Probabilitical Steps..

Since the man is one step away from starting point it means that either

(i) man has taken 6 steps forward and 5 steps backward.

(ii) man has taken 5 steps forward and 6 steps backward.

Taking movement of 1 step forward as success and movement of 1 step backward as failure.

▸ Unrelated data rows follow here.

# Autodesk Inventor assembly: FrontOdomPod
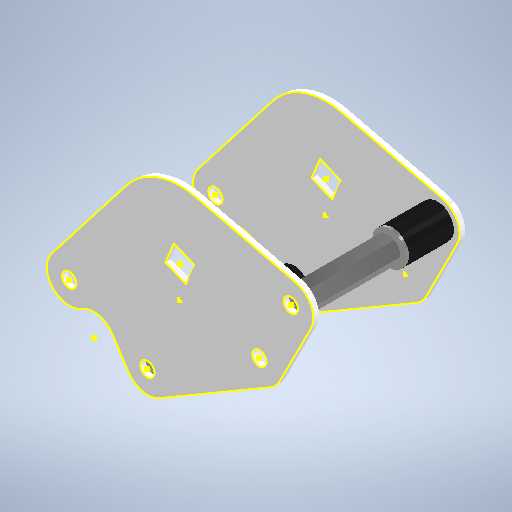
[picture p0: Inventor's stored thumbnail of the model, 512x512]
Saved by Autodesk Inventor 2025.2 (Build 292293000, 293)
## iProperties
Created: 2025-03-23
Part Number: FrontOdomPod
Document SubType Name: Assembly
Designer: roejo
Author: roejo
## Documents named in this file (9)
- C:\1629X-7700R-Worlds-Bot\Bot 1\FrontOdomPod.iam
- C:\1629X-7700R-Worlds-Bot\Bot 1\Plastic\Odom\Front Horizontal Odom Pod nonRot Side.ipt
- C:\1629X-7700R-Worlds-Bot\Bot 1\Plastic\Odom\Front Horizontal Odom Pod Rot Side.ipt
- C:\1629X-7700R-Worlds-Bot\VEX-CAD-Inventor-1.4.2\Motion\Spacers\Washer Steel\SWasher .375 OD x .031250.ipt
- C:\1629X-7700R-Worlds-Bot\VEX-CAD-Inventor-1.4.2\Motion\Spacers\Washer Steel.ipt
- C:\1629X-7700R-Worlds-Bot\VEX-CAD-Inventor-1.4.2\Structure\Standoff\Standoff 1.00.ipt
- C:\1629X-7700R-Worlds-Bot\VEX-CAD-Inventor-1.4.2\Structure\Standoff.ipt
- C:\1629X-7700R-Worlds-Bot\VEX-CAD-Inventor-1.4.2\Motion\Spacers\Spacer Nylon .375 OD\NSpacer .375 OD x .500.ipt
- C:\1629X-7700R-Worlds-Bot\VEX-CAD-Inventor-1.4.2\Motion\Spacers\Spacer Nylon .375 OD.ipt
## Components (10 placed, 5 different names)
1. Front Horizontal Odom Pod nonRot Side:1 — Insert:5
2. Front Horizontal Odom Pod Rot Side:1 — Insert:1, Insert:9
3. SWasher .375 OD x .031250:1 — Insert:3, Insert:4
4. SWasher .375 OD x .031250:2 — Insert:1, Insert:2
5. Standoff 1.00:1 — Insert:2, Insert:3
6. NSpacer .375 OD x .500:1 — Insert:4, Insert:5
7. SWasher .375 OD x .031250:3
8. SWasher .375 OD x .031250:4 — Insert:9
9. Standoff 1.00:2
10. NSpacer .375 OD x .500:2
## Relationships (9: Insert 9)
- Insert:1: Front Horizontal Odom Pod Rot Side:1 ↔ SWasher .375 OD x .031250:2
- Insert:2: SWasher .375 OD x .031250:2 ↔ Standoff 1.00:1
- Insert:3: SWasher .375 OD x .031250:1 ↔ Standoff 1.00:1
- Insert:4: SWasher .375 OD x .031250:1 ↔ NSpacer .375 OD x .500:1
- Insert:5: Front Horizontal Odom Pod nonRot Side:1 ↔ NSpacer .375 OD x .500:1
- [Insert]: SWasher .375 OD x .031250:4 ↔ Standoff 1.00:2
- [Insert]: SWasher .375 OD x .031250:3 ↔ Standoff 1.00:2
- [Insert]: SWasher .375 OD x .031250:3 ↔ NSpacer .375 OD x .500:2
- Insert:9: Front Horizontal Odom Pod Rot Side:1 ↔ SWasher .375 OD x .031250:4
## Named parameters: d5_d1 = 0 mm, d6_d2 = 0 mm, d7_d3 = 0 mm
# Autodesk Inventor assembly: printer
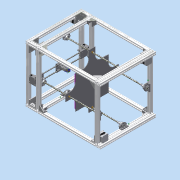
[picture p0: Inventor's stored thumbnail of the model, 180x180]
Saved by Autodesk Inventor 2015 (Build 190159000, 159)
## iProperties
Created: 2016-06-24
Part Number: printer
Document SubType Name: Assembly
Designer: Dustin
Author: Dustin
## Documents named in this file (25)
- E:\Documents\3D Printer\LetzteBot3DPrinter\Inventor Files\IAM Files\printer.iam
- E:\Documents\3D Printer\LetzteBot3DPrinter\Inventor Files\IPT Files\AF350.ipt
- E:\Documents\3D Printer\LetzteBot3DPrinter\Inventor Files\IPT Files\AF380.ipt
- E:\Documents\3D Printer\LetzteBot3DPrinter\Inventor Files\IPT Files\HB1.ipt
- E:\Documents\3D Printer\LetzteBot3DPrinter\Inventor Files\IPT Files\NEMA17.ipt
- E:\Documents\3D Printer\LetzteBot3DPrinter\Inventor Files\IPT Files\LS2.ipt
- E:\Documents\3D Printer\LetzteBot3DPrinter\Inventor Files\IPT Files\LSM1.ipt
- E:\Documents\3D Printer\LetzteBot3DPrinter\Inventor Files\IPT Files\BP1.ipt
- E:\Documents\3D Printer\LetzteBot3DPrinter\Inventor Files\IPT Files\Imported Components\GT2_20teeth_pulley\GT2P.ipt
- E:\Documents\3D Printer\LetzteBot3DPrinter\Inventor Files\IPT Files\SR385.ipt
- E:\Documents\3D Printer\LetzteBot3DPrinter\Inventor Files\IPT Files\MM1.ipt
- E:\Documents\3D Printer\LetzteBot3DPrinter\Inventor Files\IPT Files\AF50.ipt
- E:\Documents\3D Printer\LetzteBot3DPrinter\Inventor Files\IAM Files\extruder.iam
- E:\Documents\3D Printer\LetzteBot3DPrinter\Inventor Files\IPT Files\SM1.ipt
- E:\Documents\3D Printer\LetzteBot3DPrinter\Inventor Files\IPT Files\S320.ipt
- E:\Documents\3D Printer\LetzteBot3DPrinter\Inventor Files\IPT Files\CM1.ipt
- E:\Documents\3D Printer\LetzteBot3DPrinter\Inventor Files\IAM Files\M4BA1.iam
- E:\Documents\3D Printer\LetzteBot3DPrinter\Inventor Files\IAM Files\M4BA2.iam
- E:\Documents\3D Printer\LetzteBot3DPrinter\Inventor Files\IAM Files\KFL08.iam
- E:\Documents\3D Printer\LetzteBot3DPrinter\Inventor Files\IAM Files\VW1.iam
- E:\Documents\3D Printer\LetzteBot3DPrinter\Inventor Files\IPT Files\S516.ipt
- E:\Documents\3D Printer\LetzteBot3DPrinter\Inventor Files\IPT Files\LSN1.ipt
- E:\Documents\3D Printer\LetzteBot3DPrinter\Inventor Files\IPT Files\CB2.ipt
- E:\Documents\3D Printer\LetzteBot3DPrinter\Inventor Files\IPT Files\CM2.ipt
- E:\Documents\3D Printer\LetzteBot3DPrinter\Inventor Files\IPT Files\CB1.ipt
## Components (123 placed, 24 different names)
1. NEMA17:1 — Mate:39, Flush:64, Insert:7, Mate:85, Insert:59
2. NEMA17:2 — Flush:65, Insert:6, Insert:20, Insert:21
3. NEMA17:3 — Mate:87, Mate:88, Insert:32, Insert:60
4. NEMA17:4 — Insert:23, Insert:24, Mate:90, Tangent:34, Insert:31, Mate:98
5. CM1:2 — Flush:91, Mate:101, Angle:14, Tangent:38, Flush:94, Angle:15, Tangent:39, Mate:103
6. MM1:2 — Insert:20, Insert:21, Flush:123
7. MM1:3 — Insert:23, Insert:24, Mate:89
8. MM1:4 — Insert:59, Angle:30
9. MM1:5 — Insert:60, Angle:31, Mate:115
10. CB2:5 — Mate:116, Mate:117, Flush:124
11. CB2:6 — Mate:118, Flush:125, Mate:119
12. CB2:7 — Mate:126, Flush:129, Mate:127
13. CB2:8 — Mate:124, Mate:125, Flush:128
14. CB2:9 — Mate:122, Mate:123, Flush:127
15. CB2:10 — Mate:120, Mate:121, Flush:126
16. CB2:11 — Mate:128, Mate:129, Flush:130
17. CB2:12 — Mate:130, Mate:131, Flush:131
18. CM2:1 — Mate:132, Mate:133, Mate:134
19. CB1:1 — Mate:135, Flush:132, Mate:136
20. CB1:2 — Mate:137, Mate:138, Flush:133
21. CB1:3 — Mate:139, Flush:134, Mate:140
22. CB1:4 — Mate:141, Mate:142, Flush:135
23. CB1:5 — Mate:143, Flush:136, Mate:144
24. CB1:6 — Mate:145, Mate:146, Flush:137
25. CB1:7 — Mate:147, Mate:148, Flush:138
26. CB1:8 — Mate:149, Mate:150, Flush:139
27. CB2:1 — Mate:107, Flush:119, Mate:108
28. CB2:2 — Mate:109, Mate:110, Flush:120
29. CB2:3 — Mate:113, Mate:114, Flush:122
30. CB2:4 — Mate:111, Mate:112, Flush:121
31. AF380:11 — Mate:60, Flush:60, Flush:61
32. AF380:12 — Flush:62, Mate:61, Flush:63
33. AF50:1 — Flush:71, Flush:72, Mate:72, Mate:143, Mate:147
34. AF50:2 — Mate:75, Flush:73, Flush:74, Mate:132, Mate:133, Mate:140, Mate:141, Flush:135, Mate:151, Flush:140
35. AF50:3 — Mate:74, Flush:75, Flush:76, Mate:138, Mate:150, Flush:139
36. AF50:4 — Mate:73, Flush:77, Flush:78, Mate:77, Flush:81, Flush:82, Mate:136, Mate:145
37. AF380:13 — Mate:77, Flush:81, Flush:82, Mate:88, Mate:90, Flush:142
38. AF350:7 — Mate:89, Mate:98, Flush:91, Mate:101, Flush:106, Flush:141, Flush:142
39. AF350:8 — Mate:87, Angle:28, Angle:31, Mate:115, Mate:134
40. AF350:2 — Mate:4, Flush:8, Flush:9, Mate:6, Mate:39, Flush:53, Flush:64, Mate:66, Mate:113, Flush:122, Angle:30
41. AF350:3 — Mate:5, Flush:10, Flush:11, Flush:12, Flush:13, Mate:48, Flush:51, Flush:65, Mate:67, Mate:109, Flush:120
42. AF380:3 — Mate:4, Flush:8, Flush:9, Mate:5, Flush:10, Flush:11, Mate:11, Mate:12, Flush:24, Flush:25, Flush:26, Flush:27, Mate:60, Flush:60, Flush:61, Mate:85, Flush:113, Mate:104, Mate:108
43. AF380:4 — Mate:6, Flush:12, Flush:13, Mate:10, Mate:13, Flush:21, Flush:22, Flush:23, Flush:28, Flush:29, Mate:54, Flush:54, Flush:62, Mate:61, Flush:63, Mate:68, Mate:111, Flush:121, Flush:123
44. AF380:5 — Mate:13, Flush:21, Flush:28, Flush:29, Mate:116, Mate:127
45. AF380:6 — Mate:12, Flush:26, Flush:27, Mate:14, Flush:30, Flush:31, Mate:107, Flush:119, Mate:110, Mate:119, Mate:120
46. AF380:7 — Mate:11, Flush:24, Flush:25, Mate:122, Flush:127, Mate:125
47. AF380:8 — Mate:10, Flush:22, Flush:23, Mate:112, Mate:114, Mate:129, Mate:130, Flush:131
48. AF350:5 — Mate:40, Flush:47, Flush:48, Flush:73, Flush:105, Mate:117, Flush:124, Mate:118, Flush:125, Mate:142, Flush:136, Mate:144
49. AF350:6 — Mate:44, Flush:50, Flush:77, Mate:83, Flush:104, Mate:124, Flush:128, Mate:128, Flush:130, Mate:135, Flush:132, Mate:137, Flush:133
50. AF380:9 — Mate:14, Flush:30, Flush:31, Mate:42, Flush:49, Mate:74, Mate:75, Flush:74, Flush:75, Flush:76, Angle:29, Mate:121, Flush:126, Mate:123, Mate:139, Flush:134, Mate:149
51. AF380:10 — Mate:46, Flush:71, Flush:72, Mate:72, Mate:73, Flush:78, Mate:126, Flush:129, Mate:131, Mate:146, Flush:137, Mate:148, Flush:138
52. AF380:14 — Mate:151, Flush:140, Flush:141
53. LSN1:1 — Insert:50, Tangent:73
54. LSN1:2 — Insert:51, Tangent:74
55. LSN1:3 — Insert:52, Tangent:72, Tangent:75
56. LSN1:4 — Mate:106, Insert:58
57. GT2P:1 — Insert:33
58. GT2P:2 — Insert:5
59. GT2P:3 — Insert:3
60. GT2P:4 — Insert:4
61. GT2P:5 — Insert:6
62. GT2P:6 — Insert:7
63. S320:5 — Insert:54
64. S320:6 — Insert:57
65. S320:7 — Insert:56
66. S320:8 — Insert:55
67. KFL08:1 [sub-assembly] — Flush:109, Tangent:53, Tangent:61
68. KFL08:2 [sub-assembly] — Flush:110, Tangent:55, Tangent:63
69. KFL08:3 [sub-assembly] — Flush:111, Tangent:56, Tangent:57
70. KFL08:4 [sub-assembly] — Flush:112, Tangent:58, Tangent:59
71. KFL08:5 [sub-assembly] — Flush:117, Tangent:68, Tangent:69
72. KFL08:6 [sub-assembly] — Flush:118, Tangent:70, Tangent:71
73. KFL08:7 [sub-assembly] — Flush:116, Tangent:66, Tangent:67
74. KFL08:8 [sub-assembly] — Flush:115, Tangent:64, Tangent:65
75. HB1:1 — Mate:58, Tangent:5, Tangent:6, Insert:54, Insert:55, Insert:56, Insert:57
76. LS2:1 — Tangent:1, Flush:58, Insert:3, Tangent:18, Tangent:24, Tangent:56, Tangent:64
77. LS2:2 — Insert:33, Flush:114, Tangent:62, Tangent:63, Tangent:66, Tangent:75
78. LS2:3 — Tangent:3, Flush:56, Insert:5, Tangent:14, Tangent:58, Tangent:60, Tangent:68
79. LS2:4 — Tangent:2, Flush:55, Insert:4, Tangent:16, Tangent:21, Tangent:53, Tangent:70
80. LSM1:1 — Mate:40, Flush:47, Tangent:1, Flush:111, Tangent:57
81. LSM1:2 — Mate:42, Flush:48, Flush:110, Tangent:55
82. LSM1:3 — Mate:44, Flush:49, Tangent:3, Flush:112, Tangent:59
83. LSM1:4 — Mate:46, Flush:50, Tangent:2, Flush:109, Tangent:61
84. LSM1:5 — Mate:48, Flush:51, Flush:58, Tangent:18, Mate:67, Flush:115, Tangent:65
85. LSM1:6 — Flush:113, Mate:104, Flush:114, Tangent:62, Flush:116, Tangent:67
86. LSM1:7 — Mate:54, Flush:54, Flush:55, Tangent:16, Mate:68, Flush:118, Tangent:71
87. LSM1:8 — Flush:53, Flush:56, Tangent:14, Mate:66, Flush:117, Tangent:69
88. BP1:1 — Mate:58, Tangent:5, Tangent:6, Tangent:21, Tangent:24, Tangent:60, Insert:50, Insert:51, Insert:52, Angle:28, Angle:29, Tangent:72, Tangent:73, Tangent:74, Mate:106, Insert:58
89. S320:1 — Tangent:35, Angle:11, Flush:107
90. S320:2 — Tangent:36, Angle:12, Flush:108
91. S320:3 — Angle:21, Tangent:45, Flush:100
92. S320:4 — Angle:22, Tangent:46, Flush:101
93. S516:1 — Insert:40
94. S516:2 — Insert:41
95. S516:3 — Insert:39
96. S516:4 — Insert:38
97. S516:5 — Insert:46
98. S516:6 — Insert:47
99. S516:7 — Insert:49
100. S516:8 — Insert:48
101. VW1:1 [sub-assembly] — Insert:37
102. VW1:4 [sub-assembly] — Insert:35
103. VW1:3 [sub-assembly] — Insert:36
104. VW1:2 [sub-assembly] — Insert:34
105. VW1:5 [sub-assembly] — Insert:42
106. VW1:6 [sub-assembly] — Insert:43
107. VW1:7 [sub-assembly] — Insert:44
108. VW1:8 [sub-assembly] — Insert:45
109. SR385:1 — Flush:68, Mate:83, Tangent:22, Tangent:47, Tangent:51, Angle:26, Angle:27
110. SR385:2 — Flush:68, Tangent:23, Tangent:48, Angle:25, Tangent:52
111. SM1:1 — Angle:13, Tangent:37, Flush:93, Angle:16, Tangent:40, Flush:95, Tangent:51, Angle:25, Flush:104, Tangent:52, Insert:42, Insert:43, Insert:44, Insert:45, Insert:46, Insert:47, Insert:48, Insert:49
112. SM1:2 — Tangent:47, Tangent:48, Tangent:49, Tangent:50, Angle:23, Angle:24, Flush:102, Flush:103, Angle:26, Flush:105, Insert:34, Insert:35, Insert:36, Insert:37, Insert:38, Insert:39, Insert:40, Insert:41
113. extruder:1 [sub-assembly] — Tangent:22, Tangent:23, Tangent:35, Angle:11, Tangent:36, Angle:12, Angle:21, Tangent:45, Angle:22, Tangent:46, Flush:100, Flush:101, Flush:106, Flush:107, Angle:27, Flush:108
114. M4BA1:1 [sub-assembly] — Angle:13, Tangent:37, Flush:93
115. M4BA1:2 [sub-assembly] — Angle:14, Tangent:38, Flush:94
116. M4BA2:1 [sub-assembly] — Angle:15, Tangent:39, Mate:103
117. M4BA2:2 [sub-assembly] — Angle:16, Tangent:40, Flush:95
118. M4BA1:3 [sub-assembly] — Tangent:50, Angle:24, Flush:103
119. M4BA2:3 [sub-assembly] — Tangent:49, Angle:23, Flush:102
120. M4BA1:4 [sub-assembly]
121. M4BA2:4 [sub-assembly]
122. GT2P:7 — Insert:32
123. GT2P:8 — Tangent:34, Insert:31
## Relationships (287: Flush 98, Mate 85, Tangent 49, Insert 38, Angle 17)
- Mate:4: AF350:2 ↔ AF380:3
- Flush:8: AF350:2 ↔ AF380:3
- Flush:9: AF350:2 ↔ AF380:3
- Mate:5: AF350:3 ↔ AF380:3
- Flush:10: AF350:3 ↔ AF380:3
- Flush:11: AF350:3 ↔ AF380:3
- Mate:6: AF350:2 ↔ AF380:4
- Flush:12: AF350:3 ↔ AF380:4
- Flush:13: AF350:3 ↔ AF380:4
- [Mate]: AF350:6 ↔ AF380:9
- [Flush]: AF350:6 ↔ AF380:9
- [Flush]: AF350:6 ↔ AF380:9
- [Mate]: AF350:5 ↔ AF380:9
- [Flush]: AF350:5 ↔ AF380:9
- [Flush]: AF350:5 ↔ AF380:9
- [Mate]: AF350:6 ↔ AF380:10
- [Flush]: AF350:6 ↔ AF380:10
- [Flush]: AF350:6 ↔ AF380:10
- [Flush]: AF350:5 ↔ AF380:10
- Mate:10: AF380:4 ↔ AF380:8
- Mate:11: AF380:3 ↔ AF380:7
- Mate:12: AF380:3 ↔ AF380:6
- Mate:13: AF380:4 ↔ AF380:5
- Flush:21: AF380:4 ↔ AF380:5
- Flush:22: AF380:4 ↔ AF380:8
- Flush:23: AF380:4 ↔ AF380:8
- Flush:24: AF380:3 ↔ AF380:7
- Flush:25: AF380:3 ↔ AF380:7
- Flush:26: AF380:3 ↔ AF380:6
- Flush:27: AF380:3 ↔ AF380:6
- Flush:28: AF380:4 ↔ AF380:5
- Flush:29: AF380:4 ↔ AF380:5
- Mate:14: AF380:6 ↔ AF380:9
- Flush:30: AF380:6 ↔ AF380:9
- Flush:31: AF380:6 ↔ AF380:9
- Mate:39: NEMA17:1 ↔ AF350:2
- Mate:40: AF350:5 ↔ LSM1:1
- Flush:47: AF350:5 ↔ LSM1:1
- Tangent:1: LS2:1 ↔ LSM1:1
- Mate:42: AF380:9 ↔ LSM1:2
- Flush:48: AF350:5 ↔ LSM1:2
- Mate:44: AF350:6 ↔ LSM1:3
- Flush:49: AF380:9 ↔ LSM1:3
- Mate:46: AF380:10 ↔ LSM1:4
- Flush:50: AF350:6 ↔ LSM1:4
- Tangent:2: LS2:4 ↔ LSM1:4
- Tangent:3: LS2:3 ↔ LSM1:3
- Mate:48: AF350:3 ↔ LSM1:5
- Flush:51: AF350:3 ↔ LSM1:5
- Flush:53: AF350:2 ↔ LSM1:8
- Mate:54: AF380:4 ↔ LSM1:7
- Flush:54: AF380:4 ↔ LSM1:7
- Flush:55 (5 mm): LS2:4 ↔ LSM1:7
- Flush:56 (5 mm): LS2:3 ↔ LSM1:8
- Flush:58 (5 mm): LS2:1 ↔ LSM1:5
- Mate:58 (6 mm): HB1:1 ↔ BP1:1
- Tangent:5: HB1:1 ↔ BP1:1
- Tangent:6: HB1:1 ↔ BP1:1
- Insert:3 (-28 mm): GT2P:3 ↔ LS2:1
- Insert:4 (-28 mm): GT2P:4 ↔ LS2:4
- Insert:5 (-28 mm): GT2P:2 ↔ LS2:3
- Mate:60: AF380:11 ↔ AF380:3
- Flush:60: AF380:11 ↔ AF380:3
- Flush:61: AF380:11 ↔ AF380:3
- Flush:62: AF380:12 ↔ AF380:4
- Mate:61: AF380:12 ↔ AF380:4
- Flush:63: AF380:12 ↔ AF380:4
- Flush:64: NEMA17:1 ↔ AF350:2
- Flush:65: NEMA17:2 ↔ AF350:3
- Insert:6 (-14 mm): NEMA17:2 ↔ GT2P:5
- Insert:7 (-14 mm): NEMA17:1 ↔ GT2P:6
- Flush:68: SR385:1 ↔ SR385:2
- Tangent:14: LS2:3 ↔ LSM1:8
- Tangent:16 (-1 mm): LS2:4 ↔ LSM1:7
- Tangent:18: LS2:1 ↔ LSM1:5
- Mate:66: AF350:2 ↔ LSM1:8
- Mate:67: AF350:3 ↔ LSM1:5
- Mate:68: AF380:4 ↔ LSM1:7
- Flush:71: AF50:1 ↔ AF380:10
- Flush:72: AF50:1 ↔ AF380:10
- Mate:72: AF50:1 ↔ AF380:10
- Mate:73: AF50:4 ↔ AF380:10
- Mate:74: AF50:3 ↔ AF380:9
- Mate:75: AF50:2 ↔ AF380:9
- Flush:73: AF50:2 ↔ AF350:5
- Flush:74: AF50:2 ↔ AF380:9
- Flush:75: AF50:3 ↔ AF380:9
- Flush:76: AF50:3 ↔ AF380:9
- Flush:77: AF50:4 ↔ AF350:6
- Flush:78: AF50:4 ↔ AF380:10
- Mate:77: AF50:4 ↔ AF380:13
- Flush:81: AF50:4 ↔ AF380:13
- Flush:82: AF50:4 ↔ AF380:13
- Insert:20: NEMA17:2 ↔ MM1:2
- Insert:21: NEMA17:2 ↔ MM1:2
- Tangent:21: LS2:4 ↔ BP1:1
- Insert:23: NEMA17:4 ↔ MM1:3
- Insert:24: NEMA17:4 ↔ MM1:3
- Mate:83: AF350:6 ↔ SR385:1
- Tangent:22: SR385:1 ↔ extruder:1
- Tangent:23: SR385:2 ↔ extruder:1
- Mate:85: NEMA17:1 ↔ AF380:3
- Tangent:24: LS2:1 ↔ BP1:1
- Mate:87: NEMA17:3 ↔ AF350:8
- Mate:88: NEMA17:3 ↔ AF380:13
- Mate:89: MM1:3 ↔ AF350:7
- Mate:90: NEMA17:4 ↔ AF380:13
- Tangent:34: NEMA17:4 ↔ GT2P:8
- Insert:31 (5 mm): NEMA17:4 ↔ GT2P:8
- Mate:98: NEMA17:4 ↔ AF350:7
- Tangent:35: S320:1 ↔ extruder:1
- Angle:11 (180 deg): S320:1 ↔ extruder:1
- Flush:91: CM1:2 ↔ AF350:7
- Mate:101: CM1:2 ↔ AF350:7
- Insert:32: NEMA17:3 ↔ GT2P:7
- Tangent:36: S320:2 ↔ extruder:1
- Angle:12 (180 deg): S320:2 ↔ extruder:1
- Angle:13 (180 deg): SM1:1 ↔ M4BA1:1
- Tangent:37: SM1:1 ↔ M4BA1:1
- Flush:93 (-5 mm): SM1:1 ↔ M4BA1:1
- Angle:14 (0 deg): CM1:2 ↔ M4BA1:2
- Tangent:38: CM1:2 ↔ M4BA1:2
- Flush:94 (-6 mm): CM1:2 ↔ M4BA1:2
- Angle:15 (0 deg): CM1:2 ↔ M4BA2:1
- Tangent:39: CM1:2 ↔ M4BA2:1
- Mate:103 (15 mm): CM1:2 ↔ M4BA2:1
- Angle:16 (180 deg): SM1:1 ↔ M4BA2:2
- Tangent:40: SM1:1 ↔ M4BA2:2
- Flush:95: SM1:1 ↔ M4BA2:2
- Angle:21 (180 deg): S320:3 ↔ extruder:1
- Tangent:45: S320:3 ↔ extruder:1
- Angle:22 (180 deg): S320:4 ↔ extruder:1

p = Probability of success = 0.4

q = Probability of failure = 0.6

Applying Binomial Theoram, $Required \ probability = P(X=6 \ to \ X = 5)$ $= P(X = 6) + P(X = 5)$ $= {11 \choose 6}p^6q^5 + {11 \choose 5}p^5q^6$ $= {11 \choose 5}(p^6q^5 + p^5q^6)$ $= \frac{11.10.9.8.7}{1.2.3.4.5}[(0.4)^6(0.6)^5 + (0.4)^5(0.6)^6]$ $= \boxed{0.37}$

The man has to finish one step away from starting point so he has either taken:

5 steps forward and 6 steps back

Or 6 steps forward and 5 steps back

For each arrangement of 5 steps forward and 6 steps back, the probability of that happening is:

$(0.4)^5$ x $(0.6)^6$

And there are 11C5 ways to place the 5 forward steps within the 11 steps so the total probability for this case is:

$(0.4)^5$ x $(0.6)^6$ x (11C5)

And for each arrangement of 6 steps forward and 5 steps back the probability is:

$(0.4)^6$ x $(0.6)^5$

And there are 11C6 ways to place the 6 forward steps (which is equal to 11C5 ways to place the backward steps) so the probability of this case is:

$(0.4)^6$ x $(0.6)^5$ x (11C6)

So the total probability is the two cases added together which equals:

$((0.4)^5$ x $(0.6)^6$ x (11C5)) + ( $(0.4)^6$ x $(0.6)^5$ x (11C6)) = $\boxed{0.37}$ to 2dp.